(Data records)
■ ■ ■ ■

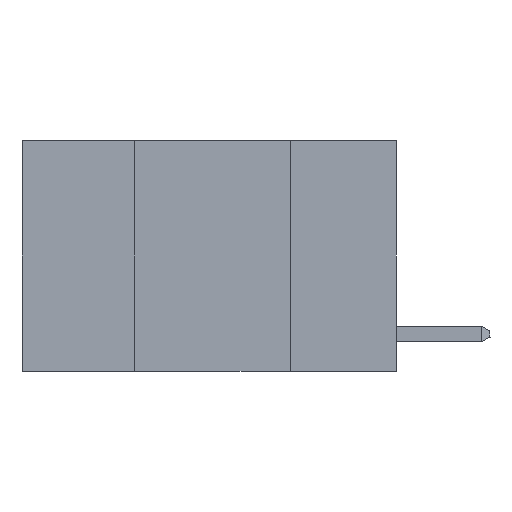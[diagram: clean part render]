
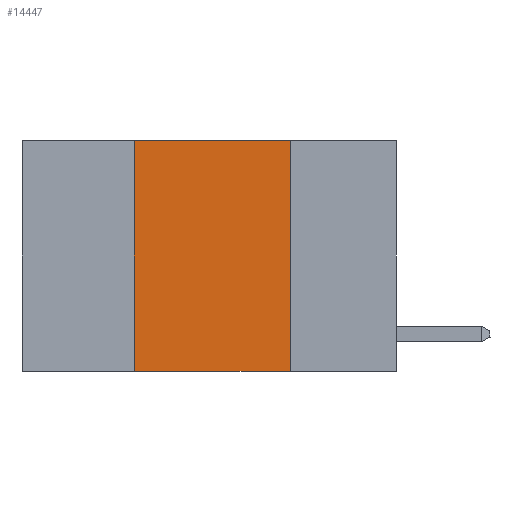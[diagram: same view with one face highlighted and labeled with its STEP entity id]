
A CAD part, left-side view. The second image highlights one B-rep face of the part: STEP entity #14447.
In plain terms, the highlighted planar face has unit normal (-1, 0, 0).
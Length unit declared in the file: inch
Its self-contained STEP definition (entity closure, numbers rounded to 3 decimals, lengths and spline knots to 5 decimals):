
#67 = EDGE_CURVE ( 'NONE', #21372, #23739, #24894, .T. ) ;
#422 = ORIENTED_EDGE ( 'NONE', *, *, #15973, .F. ) ;
#2958 = CARTESIAN_POINT ( 'NONE',  ( 0., 0.17, 0. ) ) ;
#3120 = CARTESIAN_POINT ( 'NONE',  ( 0., 0.42, -0.37 ) ) ;
#3319 = LINE ( 'NONE', #13538, #13814 ) ;
#4997 = ORIENTED_EDGE ( 'NONE', *, *, #7066, .F. ) ;
#5593 = CARTESIAN_POINT ( 'NONE',  ( 0., 0.42, 0. ) ) ;
#6784 = EDGE_CURVE ( 'NONE', #21372, #9844, #15397, .T. ) ;
#7066 = EDGE_CURVE ( 'NONE', #20328, #23739, #11147, .T. ) ;
#7400 = ORIENTED_EDGE ( 'NONE', *, *, #6784, .F. ) ;
#7473 = DIRECTION ( 'NONE',  ( 0., -1., 0. ) ) ;
#9421 = DIRECTION ( 'NONE',  ( 0., 0., -1. ) ) ;
#9844 = VERTEX_POINT ( 'NONE', #19358 ) ;
#10771 = CARTESIAN_POINT ( 'NONE',  ( 0., 0.17, -0.37 ) ) ;
#11147 = LINE ( 'NONE', #2958, #23329 ) ;
#11195 = FACE_OUTER_BOUND ( 'NONE', #14996, .T. ) ;
#11588 = PLANE ( 'NONE',  #20708 ) ;
#12511 = ORIENTED_EDGE ( 'NONE', *, *, #67, .T. ) ;
#12680 = VECTOR ( 'NONE', #21242, 39.37008 ) ;
#13149 = DIRECTION ( 'NONE',  ( 0., -1., 0. ) ) ;
#13538 = CARTESIAN_POINT ( 'NONE',  ( 0., 0.6, 0. ) ) ;
#13814 = VECTOR ( 'NONE', #13149, 39.37008 ) ;
#13926 = CARTESIAN_POINT ( 'NONE',  ( 0., 0.17, 0. ) ) ;
#14447 = ADVANCED_FACE ( 'NONE', ( #11195 ), #11588, .F. ) ;
#14996 = EDGE_LOOP ( 'NONE', ( #4997, #422, #7400, #12511 ) ) ;
#15397 = LINE ( 'NONE', #5593, #12680 ) ;
#15973 = EDGE_CURVE ( 'NONE', #9844, #20328, #3319, .T. ) ;
#16862 = DIRECTION ( 'NONE',  ( 0., 0., -1. ) ) ;
#17168 = DIRECTION ( 'NONE',  ( 1., 0., 0. ) ) ;
#17513 = CARTESIAN_POINT ( 'NONE',  ( 0., 0.6, -0.37 ) ) ;
#19358 = CARTESIAN_POINT ( 'NONE',  ( 0., 0.42, 0. ) ) ;
#20328 = VERTEX_POINT ( 'NONE', #13926 ) ;
#20708 = AXIS2_PLACEMENT_3D ( 'NONE', #20827, #17168, #9421 ) ;
#20827 = CARTESIAN_POINT ( 'NONE',  ( 0., 0.6, 0. ) ) ;
#21242 = DIRECTION ( 'NONE',  ( 0., 0., 1. ) ) ;
#21372 = VERTEX_POINT ( 'NONE', #3120 ) ;
#21779 = VECTOR ( 'NONE', #7473, 39.37008 ) ;
#23329 = VECTOR ( 'NONE', #16862, 39.37008 ) ;
#23739 = VERTEX_POINT ( 'NONE', #10771 ) ;
#24894 = LINE ( 'NONE', #17513, #21779 ) ;

■ ■ ■ ■

Problem requirements>
Write out the data again word for word, minus any images.

Problem solution>
[diagram: clean part render]
[diagram: same view with one face highlighted and labeled with its STEP entity id]
A CAD part, left-side view. The second image highlights one B-rep face of the part: STEP entity #14447.
In plain terms, the highlighted planar face has unit normal (-1, 0, 0).
Length unit declared in the file: inch
Its self-contained STEP definition (entity closure, numbers rounded to 3 decimals, lengths and spline knots to 5 decimals):
#67 = EDGE_CURVE ( 'NONE', #21372, #23739, #24894, .T. ) ;
#422 = ORIENTED_EDGE ( 'NONE', *, *, #15973, .F. ) ;
#2958 = CARTESIAN_POINT ( 'NONE',  ( 0., 0.17, 0. ) ) ;
#3120 = CARTESIAN_POINT ( 'NONE',  ( 0., 0.42, -0.37 ) ) ;
#3319 = LINE ( 'NONE', #13538, #13814 ) ;
#4997 = ORIENTED_EDGE ( 'NONE', *, *, #7066, .F. ) ;
#5593 = CARTESIAN_POINT ( 'NONE',  ( 0., 0.42, 0. ) ) ;
#6784 = EDGE_CURVE ( 'NONE', #21372, #9844, #15397, .T. ) ;
#7066 = EDGE_CURVE ( 'NONE', #20328, #23739, #11147, .T. ) ;
#7400 = ORIENTED_EDGE ( 'NONE', *, *, #6784, .F. ) ;
#7473 = DIRECTION ( 'NONE',  ( 0., -1., 0. ) ) ;
#9421 = DIRECTION ( 'NONE',  ( 0., 0., -1. ) ) ;
#9844 = VERTEX_POINT ( 'NONE', #19358 ) ;
#10771 = CARTESIAN_POINT ( 'NONE',  ( 0., 0.17, -0.37 ) ) ;
#11147 = LINE ( 'NONE', #2958, #23329 ) ;
#11195 = FACE_OUTER_BOUND ( 'NONE', #14996, .T. ) ;
#11588 = PLANE ( 'NONE',  #20708 ) ;
#12511 = ORIENTED_EDGE ( 'NONE', *, *, #67, .T. ) ;
#12680 = VECTOR ( 'NONE', #21242, 39.37008 ) ;
#13149 = DIRECTION ( 'NONE',  ( 0., -1., 0. ) ) ;
#13538 = CARTESIAN_POINT ( 'NONE',  ( 0., 0.6, 0. ) ) ;
#13814 = VECTOR ( 'NONE', #13149, 39.37008 ) ;
#13926 = CARTESIAN_POINT ( 'NONE',  ( 0., 0.17, 0. ) ) ;
#14447 = ADVANCED_FACE ( 'NONE', ( #11195 ), #11588, .F. ) ;
#14996 = EDGE_LOOP ( 'NONE', ( #4997, #422, #7400, #12511 ) ) ;
#15397 = LINE ( 'NONE', #5593, #12680 ) ;
#15973 = EDGE_CURVE ( 'NONE', #9844, #20328, #3319, .T. ) ;
#16862 = DIRECTION ( 'NONE',  ( 0., 0., -1. ) ) ;
#17168 = DIRECTION ( 'NONE',  ( 1., 0., 0. ) ) ;
#17513 = CARTESIAN_POINT ( 'NONE',  ( 0., 0.6, -0.37 ) ) ;
#19358 = CARTESIAN_POINT ( 'NONE',  ( 0., 0.42, 0. ) ) ;
#20328 = VERTEX_POINT ( 'NONE', #13926 ) ;
#20708 = AXIS2_PLACEMENT_3D ( 'NONE', #20827, #17168, #9421 ) ;
#20827 = CARTESIAN_POINT ( 'NONE',  ( 0., 0.6, 0. ) ) ;
#21242 = DIRECTION ( 'NONE',  ( 0., 0., 1. ) ) ;
#21372 = VERTEX_POINT ( 'NONE', #3120 ) ;
#21779 = VECTOR ( 'NONE', #7473, 39.37008 ) ;
#23329 = VECTOR ( 'NONE', #16862, 39.37008 ) ;
#23739 = VERTEX_POINT ( 'NONE', #10771 ) ;
#24894 = LINE ( 'NONE', #17513, #21779 ) ;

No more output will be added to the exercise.